Google has unveiled Ironwood, its seventh-generation AI chip, which the corporate stated is designed to deal with essentially the most demanding AI inference workloads at scale.
At Google Cloud Subsequent 25 yesterday (April 9), Google stated the brand new Ironwood tensor processing unit (TPU) represents a “important shift within the improvement of AI” and the infrastructure that powers its progress.
“Ironwood is our strongest, succesful and energy-efficient TPU but. And it is purpose-built to energy considering, inferential AI fashions at scale,” stated Amin Vahdat, vice chairman and basic supervisor of machine studying at Google’s Techniques and Cloud AI division, in an accompanying blog post.
“For greater than a decade, TPUs have powered Google’s most demanding AI coaching and serving workloads and have enabled our cloud clients to do the identical.”
The Age of Inference
In keeping with Google, Ironwood represents a shift from responsive AI fashions that present real-time data for folks to interpret to fashions that proactively generate insights and interpretation.

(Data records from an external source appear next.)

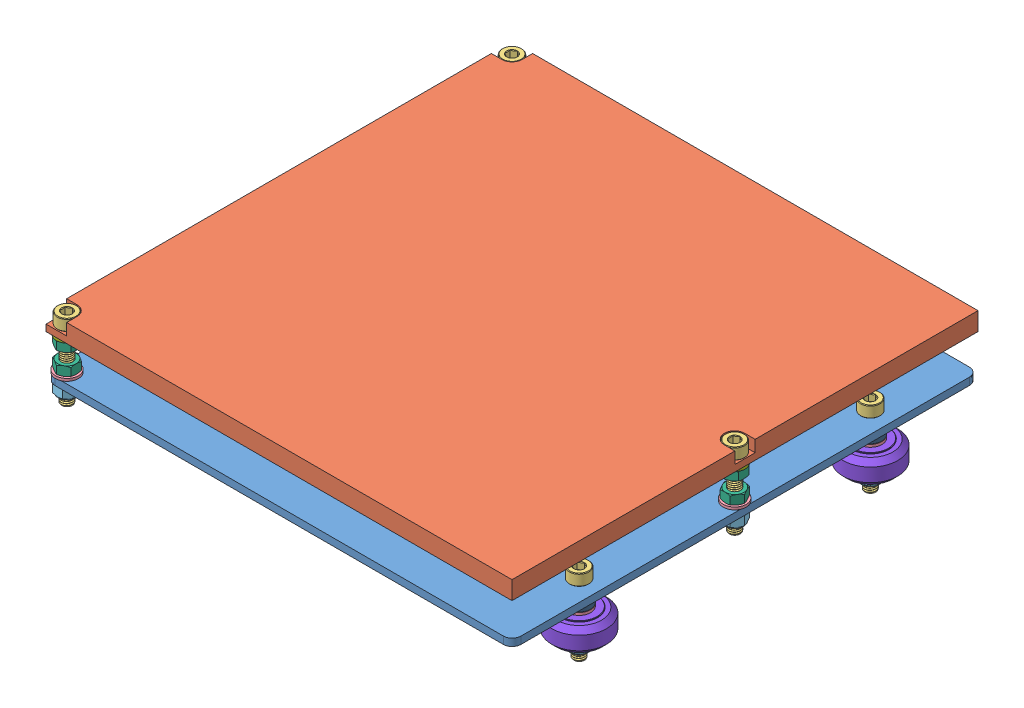
SolidWorks assembly Y-101, configuration Default. Lengths in mm.
Overall size (210.29 53.63 206.16).
50 component instances, 13 part files, 60 mates.
Components (placement in the parent):
- Y-004_rB-1: Y-004_rB [Default] at (-78.9779 0.4223 88.2972) size (203.2 3.17 203.2)
- Y-003-1: Y-003 [Default] at (124.1509 18.8373 -114.9028) x (-1 0 0) z (0 0 -1) size (203.2 7.94 203.2)
- H-017-2: H-017 [91290A194] at (-74.4771 -8.3052 83.7252) x (1 0 0) z (0 -1 0) size (8.5 8.5 35.53)
- H-011-1: H-011 [93475A240] at (-74.4771 4.6973 83.7252) x (1 0 0) z (0 -1 0) size (10 10 1.1)
- H-012-1: H-012 [90576A104] at (-74.4771 0.4223 83.7252) x (-0.837169 0 -0.546944) z (-0.546944 0 0.837169) size (8 5.15 9.24)
- H-016-1: H-016 [92497A300] at (-74.4771 6.6973 83.7252) x (1 0 0) z (0 -1 0) size (8 9.24 4.46)
- H-016-2: H-016 [92497A300] at (-74.4771 15.7373 83.7252) x (1 0 0) z (0 -1 0) size (8 9.24 4.46)
- H-018-1: H-018 [93475A240] at (-74.4771 17.7373 83.7252) x (1 0 0) z (0 1 0) size (9.2 9.2 1.1)
- H-018-2: H-018 [93475A240] at (-74.4771 18.8373 -110.3308) x (1 0 0) z (0 -1 0) size (9.2 9.2 1.1)
- H-016-3: H-016 [92497A300] at (-74.4771 6.6973 -110.3308) x (1 0 0) z (0 -1 0) size (8 9.24 4.46)
- H-016-4: H-016 [92497A300] at (-74.4771 15.7373 -110.3308) x (1 0 0) z (0 -1 0) size (8 9.24 4.46)
- H-012-2: H-012 [90576A104] at (-74.4771 0.4223 -110.3308) x (0.837169 0 -0.546944) z (-0.546944 0 -0.837169) size (8 5.15 9.24)
- H-011-2: H-011 [93475A240] at (-74.4771 3.5973 -110.3308) x (1 0 0) z (0 1 0) size (10 10 1.1)
- H-017-3: H-017 [91290A194] at (-74.4771 -8.3052 -110.3308) x (1 0 0) z (0 -1 0) size (8.5 8.5 35.53)
- H-017-4: H-017 [91290A194] at (119.672 -8.3052 -13.3028) x (1 0 0) z (0 -1 0) size (8.5 8.5 35.53)
- H-011-3: H-011 [93475A240] at (119.672 4.6973 -13.3028) x (1 0 0) z (0 -1 0) size (10 10 1.1)
- H-012-3: H-012 [90576A104] at (119.672 0.4223 -13.3028) x (-0.837169 0 -0.546944) z (-0.546944 0 0.837169) size (8 5.15 9.24)
- H-016-5: H-016 [92497A300] at (119.672 6.6973 -13.3028) x (-0.837169 0 -0.546944) z (0 1 0) size (8 9.24 4.46)
- H-016-6: H-016 [92497A300] at (119.5789 15.7373 -13.3028) x (1 0 0) z (0 -1 0) size (8 9.24 4.46)
- H-018-3: H-018 [93475A240] at (119.5789 18.8373 -13.3028) x (-1 0 0) z (0 -1 0) size (9.2 9.2 1.1)
- H-014-1: H-014 [Default] at (115.3206 -12.1777 50.1972) x (0 1 0) z (0 0 1) size (11 23.9 23.9)
- H-014-4: H-014 [Default] at (-69.4835 -12.1777 50.7192) x (0 -1 0) z (0.98979 0 0.142531) size (11 23.9 23.9)
- H-017-5: H-017 [91290A194] at (115.3206 -26.4027 50.1972) x (1 0 0) z (0 -1 0) size (8.5 8.5 35.53)
- H-002-1: H-002 [Default] at (-70.0765 0.4223 50.1972) x (-0.660682 0 0.750666) z (0.750666 0 0.660682) size (11.55 8.5 10)
- H-003-1: H-003 [Default] at (115.3206 0.4223 50.1972) x (-1 0 0) z (0 -1 0) size (10 10 6)
- H-011-4: H-011 [93475A240] at (115.3206 -6.6777 50.1972) x (-0.837169 0 -0.546944) z (0 1 0) size (10 10 1.1)
- H-012-4: H-012 [90576A104] at (115.3206 -17.6777 50.1972) x (-0.837169 0 -0.546944) z (-0.546944 0 0.837169) size (8 5.15 9.24)
- H-017-6: H-017 [91290A194] at (-69.4835 -26.4027 50.7192) x (0.142531 0 -0.98979) z (0 -1 0) size (8.5 8.5 35.53)
- H-012-5: H-012 [90576A104] at (-69.4835 -17.6777 50.7192) x (-0.861791 0 -0.507263) z (-0.507263 0 0.861791) size (8 5.15 9.24)
- H-011-5: H-011 [93475A240] at (-69.4835 -6.6777 50.7192) x (-0.861791 0 -0.507263) z (0 1 0) size (10 10 1.1)
- H-014-5: H-014 [Default] at (115.3206 -12.1777 -76.8028) x (0 1 0) z (0 0 1) size (11 23.9 23.9)
- H-014-6: H-014 [Default] at (-69.4835 -12.1777 -77.3247) x (0 -1 0) z (-0.98979 0 0.142531) size (11 23.9 23.9)
- H-017-7: H-017 [91290A194] at (115.3206 -26.4027 -76.8028) x (1 0 0) z (0 -1 0) size (8.5 8.5 35.53)
- H-002-2: H-002 [Default] at (-70.0765 0.4223 -76.8028) x (0.660682 0 0.750666) z (0.750666 0 -0.660682) size (11.55 8.5 10)
- H-003-2: H-003 [Default] at (115.3206 -5.5777 -76.8028) x (-1 0 0) z (0 1 0) size (10 10 6)
- H-011-6: H-011 [93475A240] at (115.3206 -5.5777 -76.8028) x (-0.837169 0 0.546944) z (0 -1 0) size (10 10 1.1)
- H-012-6: H-012 [90576A104] at (115.3206 -17.6777 -76.8028) x (0.837169 0 -0.546944) z (-0.546944 0 -0.837169) size (8 5.15 9.24)
- H-017-8: H-017 [91290A194] at (-69.4835 -26.4027 -77.3247) x (0.142531 0 0.98979) z (0 -1 0) size (8.5 8.5 35.53)
- H-012-7: H-012 [90576A104] at (-69.4835 -17.6777 -77.3247) x (0.861791 0 -0.507263) z (-0.507263 0 -0.861791) size (8 5.15 9.24)
- H-011-7: H-011 [93475A240] at (-69.4835 -5.5777 -77.3247) x (-0.861791 0 0.507263) z (0 -1 0) size (10 10 1.1)
- PX-003-1: PX-003 [Default] at (32.6221 -0.8477 9.4772) x (0 0 -1) z (1 0 0) size (8 4 20)
- H-019-1: H-019 [90576A102] at (15.6221 -4.8477 4.4772) x (-0.837169 0 -0.546944) z (-0.546944 0 0.837169) size (5.5 4.1 6.35)
- H-021-1: H-021 [91239A117] at (15.6221 5.2473 4.4772) x (1 0 0) z (0 1 0) size (5.7 5.7 13.97)
- H-021-2: H-021 [91239A117] at (29.6221 5.2473 4.4772) x (1 0 0) z (0 1 0) size (5.7 5.7 13.97)
- H-019-2: H-019 [90576A102] at (29.6221 -4.8477 4.4772) x (-0.837169 0 -0.546944) z (-0.546944 0 0.837169) size (5.5 4.1 6.35)
- PX-003-2: PX-003 [Default] at (12.6221 -0.8477 -36.0828) x (0 0 1) z (-1 0 0) size (8 4 20)
- H-019-3: H-019 [90576A102] at (29.6221 -4.8477 -31.0828) x (0.837169 0 -0.546944) z (-0.546944 0 -0.837169) size (5.5 4.1 6.35)
- H-019-4: H-019 [90576A102] at (15.6221 -4.8477 -31.0828) x (0.837169 0 -0.546944) z (-0.546944 0 -0.837169) size (5.5 4.1 6.35)
- H-021-3: H-021 [91239A117] at (15.6221 5.2473 -31.0828) x (1 0 0) z (0 1 0) size (5.7 5.7 13.97)
- H-021-4: H-021 [91239A117] at (29.6221 5.2473 -31.0828) x (1 0 0) z (0 1 0) size (5.7 5.7 13.97)
Mates (geometry in assembly coordinates):
- Parallel1: parallel aligned: plane of Y-004_rB-1 through (-78.9779 3.5973 88.2972) normal (-1 0 0); plane of Y-003-1 through (-79.0491 26.7748 -114.9028) normal (-1 0 0)
- Coincident2: coincident aligned: plane of Y-004_rB-1 through (-78.9779 3.5973 88.2972) normal (0 0 1); plane of Y-003-1 through (124.1509 26.7748 88.2972) normal (0 0 1)
- Concentric1: concentric anti-aligned: cylinder of Y-004_rB-1 through (-74.4771 3.5983 83.7252) axis (0 -1 0) radius 2.625; cylinder of Y-003-1 through (-74.4771 18.8363 83.7252) axis (0 1 0) radius 2.6098
- Concentric2: concentric anti-aligned: circle of Y-004_rB-1; circle of H-017-2
- Concentric5: concentric anti-aligned: circle of Y-004_rB-1; circle of H-011-1
- Coincident3: coincident anti-aligned: plane of Y-003-1 through (-74.4771 21.6948 83.7252) normal (0 1 0); plane of H-017-2 through (-74.4771 21.6948 83.7252) normal (0 -1 0)
- Coincident4: coincident anti-aligned: plane of Y-004_rB-1 through (-78.9779 3.5973 88.2972) normal (0 1 0); plane of H-011-1 through (-74.4771 3.5973 83.7252) normal (0 -1 0)
- Coincident5: coincident anti-aligned: plane of H-011-1 through (-74.4771 4.6973 83.7252) normal (0 1 0); plane of H-016-1 through (-78.4771 4.6973 86.0346) normal (0 -1 0)
- Concentric6: concentric anti-aligned: circle of H-011-1; circle of H-016-1
- Coincident6: coincident anti-aligned: plane of Y-004_rB-1 through (-78.9779 0.4223 88.2972) normal (0 -1 0); plane of H-012-1 through (-67.3391 0.4223 80.1129) normal (0 1 0)
- Concentric7: concentric anti-aligned: circle of Y-004_rB-1; circle of H-012-1
- Concentric8: concentric aligned: circle of Y-003-1; circle of H-016-2
- Distance1: distance = 15.24 mm anti-aligned: plane of Y-003-1 through (124.1509 18.8373 -114.9028) normal (0 -1 0); plane of Y-004_rB-1 through (-78.9779 3.5973 88.2972) normal (0 1 0)
- Concentric9: concentric aligned: circle of Y-003-1; circle of H-018-1
- Coincident7: coincident anti-aligned: plane of Y-003-1 through (124.1509 18.8373 -114.9028) normal (0 -1 0); plane of H-018-1 through (-74.4771 18.8373 83.7252) normal (0 1 0)
- Coincident8: coincident anti-aligned: plane of H-016-2 through (-78.4771 17.7373 86.0346) normal (0 1 0); plane of H-018-1 through (-74.4771 17.7373 83.7252) normal (0 -1 0)
- Concentric10: concentric aligned: cylinder of Y-004_rB-1 through (119.672 3.5983 -13.3028) axis (0 -1 0) radius 2.625; circle of H-017-4
- Coincident9: coincident anti-aligned: plane of Y-003-1 through (119.5789 21.6948 -13.3028) normal (0 1 0); plane of H-017-4 through (119.672 21.6948 -13.3028) normal (0 -1 0)
- Concentric11: concentric anti-aligned: circle of Y-003-1; circle of H-018-3
- Coincident10: coincident anti-aligned: plane of Y-003-1 through (124.1509 18.8373 -114.9028) normal (0 -1 0); plane of H-018-3 through (119.5789 18.8373 -13.3028) normal (0 1 0)
- Concentric12: concentric anti-aligned: circle of H-017-4; circle of H-012-3
- Coincident11: coincident anti-aligned: plane of Y-004_rB-1 through (-78.9779 0.4223 88.2972) normal (0 -1 0); plane of H-012-3 through (126.8101 0.4223 -16.9151) normal (0 1 0)
- Coincident12: coincident anti-aligned: plane of Y-004_rB-1 through (-78.9779 3.5973 88.2972) normal (0 1 0); plane of H-011-3 through (119.672 3.5973 -13.3028) normal (0 -1 0)
- Concentric13: concentric anti-aligned: circle of Y-004_rB-1; circle of H-011-3
- Coincident13: coincident anti-aligned: plane of H-011-3 through (119.672 4.6973 -13.3028) normal (0 1 0); plane of H-016-5 through (121.7576 4.6973 -9.1816) normal (0 -1 0)
- Concentric14: concentric aligned: circle of H-011-3; circle of H-016-5
- Concentric15: concentric aligned: circle of H-016-6; circle of H-018-3
- Coincident14: coincident anti-aligned: plane of H-016-6 through (115.5789 17.7373 -10.9934) normal (0 1 0); plane of H-018-3 through (119.5789 17.7373 -13.3028) normal (0 -1 0)
- Concentric16: concentric anti-aligned: circle of Y-004_rB-1; circle of H-017-5
- Coincident15: coincident anti-aligned: plane of Y-004_rB-1 through (-78.9779 3.5973 88.2972) normal (0 1 0); plane of H-017-5 through (115.3206 3.5973 50.1972) normal (0 -1 0)
- Concentric17: concentric anti-aligned: circle of H-014-1; circle of H-017-5
- Concentric18: concentric aligned: circle of Y-004_rB-1; circle of H-003-1
- Coincident16: coincident anti-aligned: plane of Y-004_rB-1 through (-78.9779 0.4223 88.2972) normal (0 -1 0); plane of H-003-1 through (112.5706 0.4223 50.1972) normal (0 1 0)
- Coincident17: coincident anti-aligned: plane of H-003-1 through (110.5206 -5.5777 50.1972) normal (0 -1 0); plane of H-011-4 through (115.3206 -5.5777 50.1972) normal (0 1 0)
- Concentric20: concentric aligned: circle of H-003-1; circle of H-011-4
- Concentric21: concentric anti-aligned: circle of H-014-1; circle of H-011-4
- Coincident18: coincident anti-aligned: plane of H-014-1 through (115.3206 -6.6777 50.1972) normal (0 1 0); plane of H-011-4 through (115.3206 -6.6777 50.1972) normal (0 -1 0)
- Concentric22: concentric anti-aligned: circle of H-014-1; circle of H-012-4
- Coincident19: coincident anti-aligned: plane of H-014-1 through (115.3206 -17.6777 50.1972) normal (0 -1 0); plane of H-012-4 through (122.4586 -17.6777 46.5849) normal (0 1 0)
- Coincident21: coincident anti-aligned: plane of Y-004_rB-1 through (-78.9779 3.5973 88.2972) normal (0 1 0); plane of H-017-6 through (-69.4835 3.5973 50.7192) normal (0 -1 0)
- Concentric24: concentric anti-aligned: circle of Y-004_rB-1; circle of H-002-1
- Coincident22: coincident anti-aligned: plane of Y-004_rB-1 through (-78.9779 0.4223 88.2972) normal (0 -1 0); plane of H-002-1 through (-70.0765 0.4223 50.1972) normal (0 1 0)
- Concentric25: concentric anti-aligned: circle of H-014-4; circle of H-002-1
- Concentric26: concentric anti-aligned: circle of H-002-1; circle of H-017-6
- Concentric27: concentric aligned: circle of H-002-1; circle of H-011-5
- Coincident23: coincident anti-aligned: plane of H-002-1 through (-70.0765 -5.5777 50.1972) normal (0 -1 0); plane of H-011-5 through (-69.4835 -5.5777 50.7192) normal (0 1 0)
- Coincident24: coincident anti-aligned: plane of H-014-4 through (-69.4835 -6.6777 50.7192) normal (0 1 0); plane of H-011-5 through (-69.4835 -6.6777 50.7192) normal (0 -1 0)
- Coincident25: coincident anti-aligned: plane of H-014-4 through (-69.4835 -17.6777 50.7192) normal (0 -1 0); plane of H-012-5 through (-62.5219 -17.6777 46.7775) normal (0 1 0)
- Concentric28: concentric aligned: circle of H-017-6; circle of H-012-5
- Concentric29: concentric aligned: circle of Y-004_rB-1; circle of PX-003-1
- Concentric30: concentric aligned: circle of Y-004_rB-1; circle of PX-003-1
- Distance2: distance = 1.27 mm anti-aligned: plane of PX-003-1 through (32.6221 -0.8477 9.4772) normal (0 1 0); plane of Y-004_rB-1 through (-78.9779 0.4223 88.2972) normal (0 -1 0)
- Coincident28: coincident anti-aligned: plane of PX-003-1 through (32.6221 -4.8477 9.4772) normal (0 -1 0); plane of H-019-1 through (14.1882 -4.8477 1.6439) normal (0 1 0)
- Concentric32: concentric aligned: circle of PX-003-1; circle of H-019-1
- Coincident29: coincident anti-aligned: plane of Y-004_rB-1 through (-78.9779 3.5973 88.2972) normal (0 1 0); plane of H-021-1 through (15.6221 3.5973 7.3272) normal (0 -1 0)
- Concentric33: concentric aligned: circle of Y-004_rB-1; cylinder of H-021-1 through (15.6221 5.2473 4.4772) axis (0 1 0) radius 2.85
- Concentric34: concentric aligned: circle of Y-004_rB-1; circle of H-021-2
- Coincident30: coincident anti-aligned: plane of Y-004_rB-1 through (-78.9779 3.5973 88.2972) normal (0 1 0); plane of H-021-2 through (29.6221 3.5973 7.3272) normal (0 -1 0)
- Coincident31: coincident anti-aligned: plane of PX-003-1 through (32.6221 -4.8477 9.4772) normal (0 -1 0); plane of H-019-2 through (28.1882 -4.8477 1.6439) normal (0 1 0)
- Concentric36: concentric aligned: circle of PX-003-1; circle of H-019-2

“Ironwood is constructed to assist this subsequent part of generative AI and its large computational and communication necessities,” the search large stated.
Certainly one of a number of new parts in Google Cloud AI Hypercomputer structure, Ironwood scales as much as 9,216 liquid-cooled chips linked with Inter-Chip Interconnect (ICI) networking spanning almost 10 MW.
Every chip delivers a peak efficiency of 4,614 teraflops. When scaled to 9,216 chips per pod for 42.5 exaflops, Ironwood is alleged to ship greater than 24 instances the compute energy of the world’s largest supercomputer, El Capitan.
Google Ironwood: Key Options
Key options of Google Ironwood embrace:
-
Vital efficiency positive aspects, with a give attention to effectivity. Ironwood’s efficiency per watt is 2x that of Trillium, the sixth era TPU announced last year.
-
Elevated Excessive Bandwidth Reminiscence (HBM) capability. Ironwood gives 192 GB per chip, 6x that of Trillium.
-
Improved HBM bandwidth, reaching 7.2 TBps per chip. This excessive bandwidth ensures speedy information entry for memory-intensive AI workloads.
“Ironwood represents a novel breakthrough within the age of inference with elevated computation energy, reminiscence capability, ICI networking developments and reliability,” Vahdat stated.
“These breakthroughs, coupled with an almost 2x enchancment in energy effectivity, imply that our most demanding clients can tackle coaching and serving workloads with the very best efficiency and lowest latency, all whereas assembly the exponential rise in computing demand.”
Learn extra of the most recent information heart {hardware} information
The AI Chip Race Heats Up
Google’s Ironwood announcement is the most recent in a string of next-gen chip launches aimed toward powering large-scale AI workloads.
Final month, at GTC 2025, Nvidia CEO Jensen Huang outlined the chip large’s AI imaginative and prescient, unveiling new supercomputers and software program to energy next-gen workloads. These embrace the brand new Blackwell Extremely AI chip and Vera Rubin processors.
In February, Intel expanded its household of Xeon 6 processors with new high-performance chips designed for enterprises with compute-intensive wants, reminiscent of AI, virtualization, and databases.
Microsoft, in the meantime, lately introduced Majorana 1, its first quantum computing chip that’s stated to mark a significant step within the firm’s effort to provide gadgets that may sometime remedy issues past the attain of contemporary computer systems.